乔新语鄙夷地朝陈宏涛瞥了一眼,只觉得做商务的人都好讨厌,幸好陈德文不是这种人。
陈宏涛也有自己的顾忌,如果按照现有的出货价格给上江大队,纺织厂没有亏,甚至比卖给老外的价格还要稍微好点,但他亏了。
他必然会被纺织厂责罚,而且好好的挣外汇的机会也没了,他不但无功,还会有过。
如果能够卖个高价,他也好向厂子里交待,反正上江大队挣的已经不老少了。
一件衣服,就算在申城最好的外汇商店也只卖个几十块钱,可到了许清欢这里,居然报价一百二十美金,折合下来就是七八百块钱。
还说可以堪比什么皮尔卡丹。
他不知道皮尔卡丹是什么,但一个东北小山村里出来的衣服,凭啥和人家这么洋气的衣服比?
配吗?
这个就谈不下去了。
许清欢也不想和陈宏涛谈了,毕竟,她也不是非申城纺织厂不可,安广县纺织厂可以扩产招工,从上江机械设计制造厂购买纺织机,然后再将织出来的布再卖给他们。

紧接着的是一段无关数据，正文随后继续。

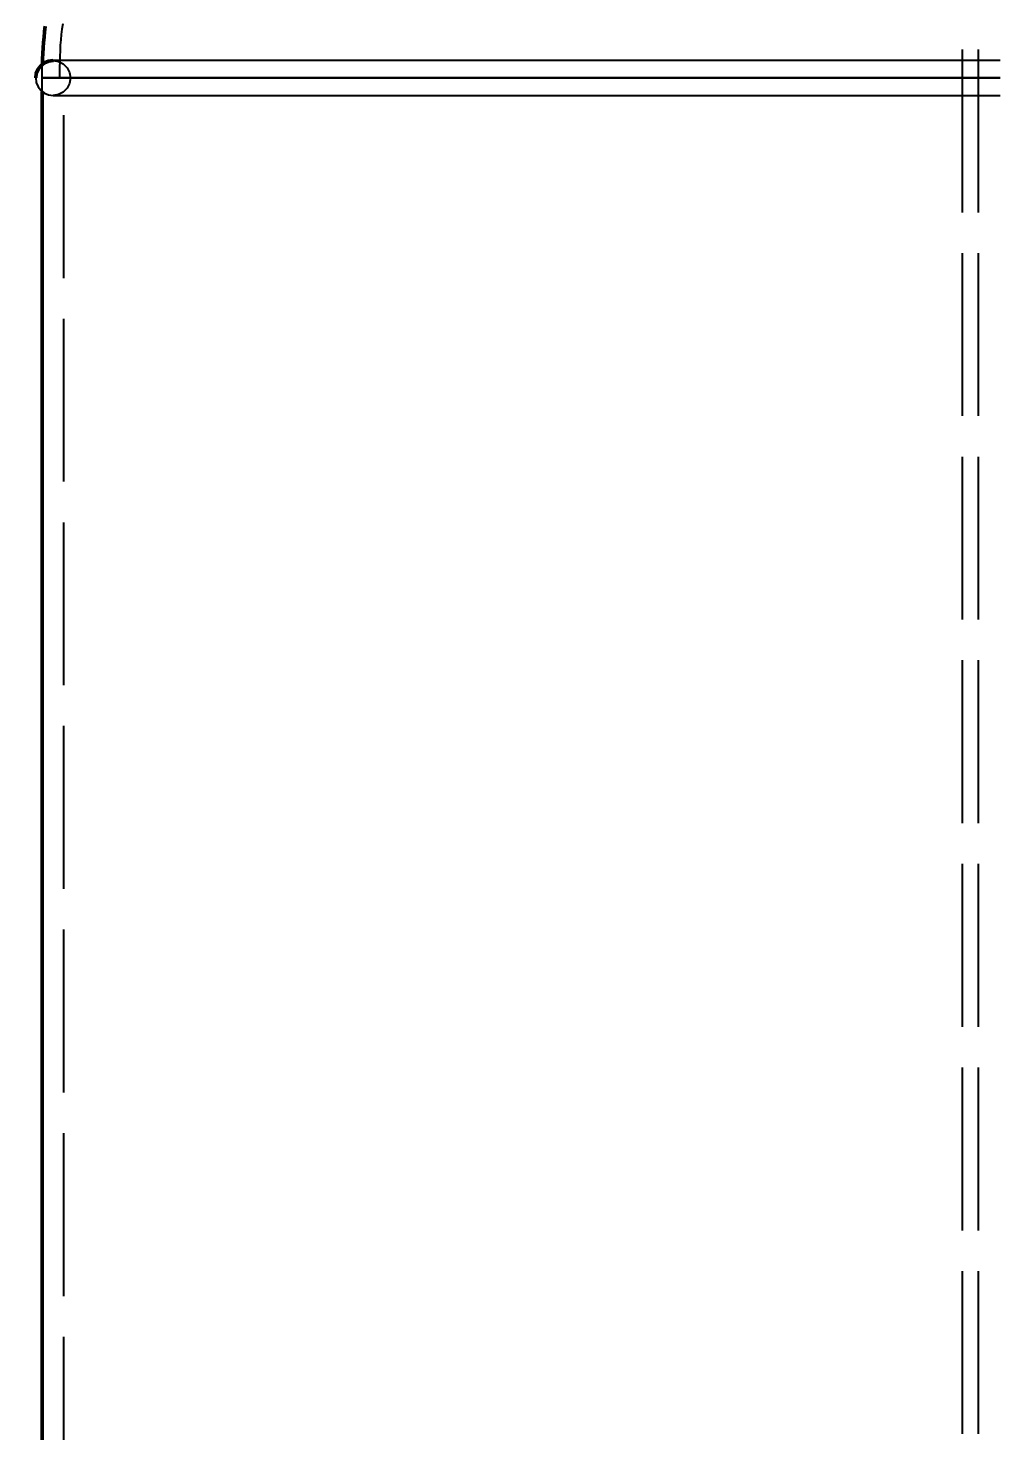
# Model space of a CAD drawing. Header units: millimetres. Extents: x 0 to 420, y 0 to 297.
# Drawn here: x 68.94 to 86.75, y 208.52 to 234.35 of the extents above; entities that cross this region are included whole.
import ezdxf

# ---------------------------------------------------------------- set-up
doc = ezdxf.new("R2010")
doc.units = ezdxf.units.MM
doc.linetypes.add('ISO02-TRAZOS', pattern=[3.75, 3, -0.75])
for name, color, linetype, lineweight in [('01-VISIBLE', 7, 'CONTINUOUS', 50), ('02-OCULTA', 4, 'ISO02-TRAZOS', 25), ('04-COTA', 3, 'CONTINUOUS', 25)]:
    doc.layers.add(name, color=color, linetype=linetype, lineweight=lineweight)
doc.styles.add('ISO3098', font='isocpeur.ttf')
doc.dimstyles.new('FLAMA-ISO', dxfattribs={"dimtxt": 3.5, "dimasz": 3, "dimexe": 2, "dimexo": 1, "dimgap": 1, "dimtad": 1, "dimdec": 1, "dimtxsty": 'ISO3098', "dimcen": 2.5, "dimclrd": 3, "dimclre": 3, "dimclrt": 3, "dimazin": 3, "dimtfac": 1, "dimtmove": 0, "dimatfit": 3, "dimlwd": 25, "dimlwe": 25})

msp = doc.modelspace()

# ---------------------------------------------------------------- linework, layer by layer
at = {"layer": '01-VISIBLE'}
msp.add_line((69.2, 167.68), (69.2, 233.185), dxfattribs=at)
for points in [[(69.203, 233.687), (69.207, 233.788), (69.212, 233.888), (69.218, 233.988), (69.225, 234.088), (69.233, 234.188), (69.242, 234.288), (69.253, 234.388)], [(69.4, 233.755), (69.317, 233.744), (69.24, 233.712), (69.174, 233.661), (69.123, 233.595), (69.091, 233.518), (69.08, 233.435)]]:
    msp.add_lwpolyline(points, dxfattribs=at)
at = {"layer": '02-OCULTA'}
for p, q in [((86.15, 140.96), (86.15, 246.1)), ((86.45, 140.96), (86.45, 246.1)), ((69.2, 233.185), (69.2, 233.435)), ((69.6, 136), (69.6, 233.435))]:
    msp.add_line(p, q, dxfattribs=at)
for points in [[(69.578, 234.435), (69.564, 234.336), (69.551, 234.236), (69.541, 234.137), (69.533, 234.037), (69.528, 233.936), (69.524, 233.836), (69.522, 233.736), (69.521, 233.635), (69.521, 233.535), (69.52, 233.435)], [(69.2, 233.435), (69.2, 233.477), (69.2, 233.519), (69.201, 233.561), (69.201, 233.603), (69.202, 233.645), (69.203, 233.687)], [(86.849, 233.755), (86.748, 233.755), (86.648, 233.755), (86.548, 233.755), (86.447, 233.755), (86.347, 233.755), (86.247, 233.755), (86.147, 233.755), (86.046, 233.755), (85.946, 233.755), (85.846, 233.755), (85.746, 233.755), (85.645, 233.755), (85.545, 233.755), (85.445, 233.755), (85.344, 233.755), (85.244, 233.755), (85.144, 233.755), (85.044, 233.755), (84.943, 233.755), (84.843, 233.755), (84.743, 233.755), (84.642, 233.755), (84.542, 233.755), (84.442, 233.755), (84.342, 233.755), (84.241, 233.755), (84.141, 233.755), (84.041, 233.755), (83.941, 233.755), (83.84, 233.755), (83.74, 233.755), (83.64, 233.755), (83.539, 233.755), (83.439, 233.755), (83.339, 233.755), (83.239, 233.755), (83.138, 233.755), (83.038, 233.755), (82.938, 233.755), (82.837, 233.755), (82.737, 233.755), (82.637, 233.755), (82.537, 233.755), (82.436, 233.755), (82.336, 233.755), (82.236, 233.755), (82.135, 233.755), (82.035, 233.755), (81.935, 233.755), (81.835, 233.755), (81.734, 233.755), (81.634, 233.755), (81.534, 233.755), (81.434, 233.755), (81.333, 233.755), (81.233, 233.755), (81.133, 233.755), (81.032, 233.755), (80.932, 233.755), (80.832, 233.755), (80.732, 233.755), (80.631, 233.755), (80.531, 233.755), (80.431, 233.755), (80.33, 233.755), (80.23, 233.755), (80.13, 233.755), (80.03, 233.755), (79.929, 233.755), (79.829, 233.755), (79.729, 233.755), (79.628, 233.755), (79.528, 233.755), (79.428, 233.755), (79.328, 233.755), (79.227, 233.755), (79.127, 233.755), (79.027, 233.755), (78.927, 233.755), (78.826, 233.755), (78.726, 233.755), (78.626, 233.755), (78.525, 233.755), (78.425, 233.755), (78.325, 233.755), (78.225, 233.755), (78.124, 233.755), (78.024, 233.755), (77.924, 233.755), (77.823, 233.755), (77.723, 233.755), (77.623, 233.755), (77.523, 233.755), (77.422, 233.755), (77.322, 233.755), (77.222, 233.755), (77.122, 233.755), (77.021, 233.755), (76.921, 233.755), (76.821, 233.755), (76.72, 233.755), (76.62, 233.755), (76.52, 233.755), (76.42, 233.755), (76.319, 233.755), (76.219, 233.755), (76.119, 233.755), (76.018, 233.755), (75.918, 233.755), (75.818, 233.755), (75.718, 233.755), (75.617, 233.755), (75.517, 233.755), (75.417, 233.755), (75.316, 233.755), (75.216, 233.755), (75.116, 233.755), (75.016, 233.755), (74.915, 233.755), (74.815, 233.755), (74.715, 233.755), (74.615, 233.755), (74.514, 233.755), (74.414, 233.755), (74.314, 233.755), (74.213, 233.755), (74.113, 233.755), (74.013, 233.755), (73.913, 233.755), (73.812, 233.755), (73.712, 233.755), (73.612, 233.755), (73.511, 233.755), (73.411, 233.755), (73.311, 233.755), (73.211, 233.755), (73.11, 233.755), (73.01, 233.755), (72.91, 233.755), (72.809, 233.755), (72.709, 233.755), (72.609, 233.755), (72.509, 233.755), (72.408, 233.755), (72.308, 233.755), (72.208, 233.755), (72.108, 233.755), (72.007, 233.755), (71.907, 233.755), (71.807, 233.755), (71.706, 233.755), (71.606, 233.755), (71.506, 233.755), (71.406, 233.755), (71.305, 233.755), (71.205, 233.755), (71.105, 233.755), (71.004, 233.755), (70.904, 233.755), (70.804, 233.755), (70.704, 233.755), (70.603, 233.755), (70.503, 233.755), (70.403, 233.755), (70.303, 233.755), (70.202, 233.755), (70.102, 233.755), (70.002, 233.755), (69.901, 233.755), (69.801, 233.755), (69.701, 233.755), (69.601, 233.755), (69.5, 233.755), (69.4, 233.755)], [(86.849, 233.755), (86.748, 233.755), (86.648, 233.755), (86.548, 233.755), (86.447, 233.755), (86.347, 233.755), (86.247, 233.755), (86.147, 233.755), (86.046, 233.755), (85.946, 233.755), (85.846, 233.755), (85.746, 233.755), (85.645, 233.755), (85.545, 233.755), (85.445, 233.755), (85.344, 233.755), (85.244, 233.755), (85.144, 233.755), (85.044, 233.755), (84.943, 233.755), (84.843, 233.755), (84.743, 233.755), (84.642, 233.755), (84.542, 233.755), (84.442, 233.755), (84.342, 233.755), (84.241, 233.755), (84.141, 233.755), (84.041, 233.755), (83.941, 233.755), (83.84, 233.755), (83.74, 233.755), (83.64, 233.755), (83.539, 233.755), (83.439, 233.755), (83.339, 233.755), (83.239, 233.755), (83.138, 233.755), (83.038, 233.755), (82.938, 233.755), (82.837, 233.755), (82.737, 233.755), (82.637, 233.755), (82.537, 233.755), (82.436, 233.755), (82.336, 233.755), (82.236, 233.755), (82.135, 233.755), (82.035, 233.755), (81.935, 233.755), (81.835, 233.755), (81.734, 233.755), (81.634, 233.755), (81.534, 233.755), (81.434, 233.755), (81.333, 233.755), (81.233, 233.755), (81.133, 233.755), (81.032, 233.755), (80.932, 233.755), (80.832, 233.755), (80.732, 233.755), (80.631, 233.755), (80.531, 233.755), (80.431, 233.755), (80.33, 233.755), (80.23, 233.755), (80.13, 233.755), (80.03, 233.755), (79.929, 233.755), (79.829, 233.755), (79.729, 233.755), (79.628, 233.755), (79.528, 233.755), (79.428, 233.755), (79.328, 233.755), (79.227, 233.755), (79.127, 233.755), (79.027, 233.755), (78.927, 233.755), (78.826, 233.755), (78.726, 233.755), (78.626, 233.755), (78.525, 233.755), (78.425, 233.755), (78.325, 233.755), (78.225, 233.755), (78.124, 233.755), (78.024, 233.755), (77.924, 233.755), (77.823, 233.755), (77.723, 233.755), (77.623, 233.755), (77.523, 233.755), (77.422, 233.755), (77.322, 233.755), (77.222, 233.755), (77.122, 233.755), (77.021, 233.755), (76.921, 233.755), (76.821, 233.755), (76.72, 233.755), (76.62, 233.755), (76.52, 233.755), (76.42, 233.755), (76.319, 233.755), (76.219, 233.755), (76.119, 233.755), (76.018, 233.755), (75.918, 233.755), (75.818, 233.755), (75.718, 233.755), (75.617, 233.755), (75.517, 233.755), (75.417, 233.755), (75.316, 233.755), (75.216, 233.755), (75.116, 233.755), (75.016, 233.755), (74.915, 233.755), (74.815, 233.755), (74.715, 233.755), (74.615, 233.755), (74.514, 233.755), (74.414, 233.755), (74.314, 233.755), (74.213, 233.755), (74.113, 233.755), (74.013, 233.755), (73.913, 233.755), (73.812, 233.755), (73.712, 233.755), (73.612, 233.755), (73.511, 233.755), (73.411, 233.755), (73.311, 233.755), (73.211, 233.755), (73.11, 233.755), (73.01, 233.755), (72.91, 233.755), (72.809, 233.755), (72.709, 233.755), (72.609, 233.755), (72.509, 233.755), (72.408, 233.755), (72.308, 233.755), (72.208, 233.755), (72.108, 233.755), (72.007, 233.755), (71.907, 233.755), (71.807, 233.755), (71.706, 233.755), (71.606, 233.755), (71.506, 233.755), (71.406, 233.755), (71.305, 233.755), (71.205, 233.755), (71.105, 233.755), (71.004, 233.755), (70.904, 233.755), (70.804, 233.755), (70.704, 233.755), (70.603, 233.755), (70.503, 233.755), (70.403, 233.755), (70.303, 233.755), (70.202, 233.755), (70.102, 233.755), (70.002, 233.755), (69.901, 233.755), (69.801, 233.755), (69.701, 233.755), (69.601, 233.755), (69.5, 233.755), (69.4, 233.755)], [(69.4, 233.755), (69.499, 233.739), (69.588, 233.694), (69.659, 233.623), (69.704, 233.534), (69.72, 233.435), (69.704, 233.336), (69.659, 233.247), (69.588, 233.176), (69.499, 233.13), (69.4, 233.115)], [(69.08, 233.435), (69.091, 233.352), (69.123, 233.275), (69.174, 233.209), (69.24, 233.158), (69.317, 233.126), (69.4, 233.115)], [(86.8, 233.435), (86.7, 233.435), (86.6, 233.435), (86.5, 233.435), (86.4, 233.435), (86.3, 233.435), (86.2, 233.435), (86.1, 233.435), (86, 233.435), (85.9, 233.435), (85.8, 233.435), (85.7, 233.435), (85.6, 233.435), (85.5, 233.435), (85.4, 233.435), (85.3, 233.435), (85.2, 233.435), (85.1, 233.435), (85, 233.435), (84.9, 233.435), (84.8, 233.435), (84.7, 233.435), (84.6, 233.435), (84.5, 233.435), (84.4, 233.435), (84.3, 233.435), (84.2, 233.435), (84.1, 233.435), (84, 233.435), (83.9, 233.435), (83.8, 233.435), (83.7, 233.435), (83.6, 233.435), (83.5, 233.435), (83.4, 233.435), (83.3, 233.435), (83.2, 233.435), (83.1, 233.435), (83, 233.435), (82.9, 233.435), (82.8, 233.435), (82.7, 233.435), (82.6, 233.435), (82.5, 233.435), (82.4, 233.435), (82.3, 233.435), (82.2, 233.435), (82.1, 233.435), (82, 233.435), (81.9, 233.435), (81.8, 233.435), (81.7, 233.435), (81.6, 233.435), (81.5, 233.435), (81.4, 233.435), (81.3, 233.435), (81.2, 233.435), (81.1, 233.435), (81, 233.435), (80.9, 233.435), (80.8, 233.435), (80.7, 233.435), (80.6, 233.435), (80.5, 233.435), (80.4, 233.435), (80.3, 233.435), (80.2, 233.435), (80.1, 233.435), (80, 233.435), (79.9, 233.435), (79.8, 233.435), (79.7, 233.435), (79.6, 233.435), (79.5, 233.435), (79.4, 233.435), (79.3, 233.435), (79.2, 233.435), (79.1, 233.435), (79, 233.435), (78.9, 233.435), (78.8, 233.435), (78.7, 233.435), (78.6, 233.435), (78.5, 233.435), (78.4, 233.435), (78.3, 233.435), (78.2, 233.435), (78.1, 233.435), (78, 233.435), (77.9, 233.435), (77.8, 233.435), (77.7, 233.435), (77.6, 233.435), (77.5, 233.435), (77.4, 233.435), (77.3, 233.435), (77.2, 233.435), (77.1, 233.435), (77, 233.435), (76.9, 233.435), (76.8, 233.435), (76.7, 233.435), (76.6, 233.435), (76.5, 233.435), (76.4, 233.435), (76.3, 233.435), (76.2, 233.435), (76.1, 233.435), (76, 233.435), (75.9, 233.435), (75.8, 233.435), (75.7, 233.435), (75.6, 233.435), (75.5, 233.435), (75.4, 233.435), (75.3, 233.435), (75.2, 233.435), (75.1, 233.435), (75, 233.435), (74.9, 233.435), (74.8, 233.435), (74.7, 233.435), (74.6, 233.435), (74.5, 233.435), (74.4, 233.435), (74.3, 233.435), (74.2, 233.435), (74.1, 233.435), (74, 233.435), (73.9, 233.435), (73.8, 233.435), (73.7, 233.435), (73.6, 233.435), (73.5, 233.435), (73.4, 233.435), (73.3, 233.435), (73.2, 233.435), (73.1, 233.435), (73, 233.435), (72.9, 233.435), (72.8, 233.435), (72.7, 233.435), (72.6, 233.435), (72.5, 233.435), (72.4, 233.435), (72.3, 233.435), (72.2, 233.435), (72.1, 233.435), (72, 233.435), (71.9, 233.435), (71.8, 233.435), (71.7, 233.435), (71.6, 233.435), (71.5, 233.435), (71.4, 233.435), (71.3, 233.435), (71.2, 233.435), (71.1, 233.435), (71, 233.435), (70.9, 233.435), (70.8, 233.435), (70.7, 233.435), (70.6, 233.435), (70.5, 233.435), (70.4, 233.435), (70.3, 233.435), (70.2, 233.435), (70.1, 233.435), (70, 233.435), (69.9, 233.435), (69.8, 233.435), (69.7, 233.435), (69.6, 233.435), (69.5, 233.435), (69.4, 233.435), (69.3, 233.435), (69.2, 233.435)], [(69.2, 233.435), (69.3, 233.435), (69.4, 233.435), (69.5, 233.435), (69.6, 233.435), (69.7, 233.435), (69.8, 233.435), (69.9, 233.435), (70, 233.435), (70.1, 233.435), (70.2, 233.435), (70.3, 233.435), (70.4, 233.435), (70.5, 233.435), (70.6, 233.435), (70.7, 233.435), (70.8, 233.435), (70.9, 233.435), (71, 233.435), (71.1, 233.435), (71.2, 233.435), (71.3, 233.435), (71.4, 233.435), (71.5, 233.435), (71.6, 233.435), (71.7, 233.435), (71.8, 233.435), (71.9, 233.435), (72, 233.435), (72.1, 233.435), (72.2, 233.435), (72.3, 233.435), (72.4, 233.435), (72.5, 233.435), (72.6, 233.435), (72.7, 233.435), (72.8, 233.435), (72.9, 233.435), (73, 233.435), (73.1, 233.435), (73.2, 233.435), (73.3, 233.435), (73.4, 233.435), (73.5, 233.435), (73.6, 233.435), (73.7, 233.435), (73.8, 233.435), (73.9, 233.435), (74, 233.435), (74.1, 233.435), (74.2, 233.435), (74.3, 233.435), (74.4, 233.435), (74.5, 233.435), (74.6, 233.435), (74.7, 233.435), (74.8, 233.435), (74.9, 233.435), (75, 233.435), (75.1, 233.435), (75.2, 233.435), (75.3, 233.435), (75.4, 233.435), (75.5, 233.435), (75.6, 233.435), (75.7, 233.435), (75.8, 233.435), (75.9, 233.435), (76, 233.435), (76.1, 233.435), (76.2, 233.435), (76.3, 233.435), (76.4, 233.435), (76.5, 233.435), (76.6, 233.435), (76.7, 233.435), (76.8, 233.435), (76.9, 233.435), (77, 233.435), (77.1, 233.435), (77.2, 233.435), (77.3, 233.435), (77.4, 233.435), (77.5, 233.435), (77.6, 233.435), (77.7, 233.435), (77.8, 233.435), (77.9, 233.435), (78, 233.435), (78.1, 233.435), (78.2, 233.435), (78.3, 233.435), (78.4, 233.435), (78.5, 233.435), (78.6, 233.435), (78.7, 233.435), (78.8, 233.435), (78.9, 233.435), (79, 233.435), (79.1, 233.435), (79.2, 233.435), (79.3, 233.435), (79.4, 233.435), (79.5, 233.435), (79.6, 233.435), (79.7, 233.435), (79.8, 233.435), (79.9, 233.435), (80, 233.435), (80.1, 233.435), (80.2, 233.435), (80.3, 233.435), (80.4, 233.435), (80.5, 233.435), (80.6, 233.435), (80.7, 233.435), (80.8, 233.435), (80.9, 233.435), (81, 233.435), (81.1, 233.435), (81.2, 233.435), (81.3, 233.435), (81.4, 233.435), (81.5, 233.435), (81.6, 233.435), (81.7, 233.435), (81.8, 233.435), (81.9, 233.435), (82, 233.435), (82.1, 233.435), (82.2, 233.435), (82.3, 233.435), (82.4, 233.435), (82.5, 233.435), (82.6, 233.435), (82.7, 233.435), (82.8, 233.435), (82.9, 233.435), (83, 233.435), (83.1, 233.435), (83.2, 233.435), (83.3, 233.435), (83.4, 233.435), (83.5, 233.435), (83.6, 233.435), (83.7, 233.435), (83.8, 233.435), (83.9, 233.435), (84, 233.435), (84.1, 233.435), (84.2, 233.435), (84.3, 233.435), (84.4, 233.435), (84.5, 233.435), (84.6, 233.435), (84.7, 233.435), (84.8, 233.435), (84.9, 233.435), (85, 233.435), (85.1, 233.435), (85.2, 233.435), (85.3, 233.435), (85.4, 233.435), (85.5, 233.435), (85.6, 233.435), (85.7, 233.435), (85.8, 233.435), (85.9, 233.435), (86, 233.435), (86.1, 233.435), (86.2, 233.435), (86.3, 233.435), (86.4, 233.435), (86.5, 233.435), (86.6, 233.435), (86.7, 233.435), (86.8, 233.435)], [(86.8, 233.435), (86.7, 233.435), (86.6, 233.435), (86.5, 233.435), (86.4, 233.435), (86.3, 233.435), (86.2, 233.435), (86.1, 233.435), (86, 233.435), (85.9, 233.435), (85.8, 233.435), (85.7, 233.435), (85.6, 233.435), (85.5, 233.435), (85.4, 233.435), (85.3, 233.435), (85.2, 233.435), (85.1, 233.435), (85, 233.435), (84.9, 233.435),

她还打算指导安广县纺织厂织出牛仔布,八十年代,全球百分之五十的牛仔布出自米国,他们可以抢占这个市场。
这种布料非常结实,而且用途很广,就目前华国的环境来说,这种布料看上去也很低调,但却可以设计出时尚来,既可以用来做上衣还能用来做裤子,背心之类。
比那昂贵的的确良布透气,穿起来舒适多了。
许清欢已经在走神了,巩志杰看在眼里,知道今天的谈判又失败了,也很恼怒陈宏涛到现在了都不考虑补救,反而无理取闹。
巩志杰将许清欢他们送走,乔华清和女儿有话说,也随他们一道。
巩志杰朝后靠去,舒展累了一天的腰身,见陈宏涛意犹未尽,他却没有说话的兴致。
“上江大队已经拿下了这么大的订单,他们也完全没有一点阶级兄弟情。”陈宏涛察言观色,“我之所以不答应,并不是说想把这件事搅黄,我是觉得还可以谈。”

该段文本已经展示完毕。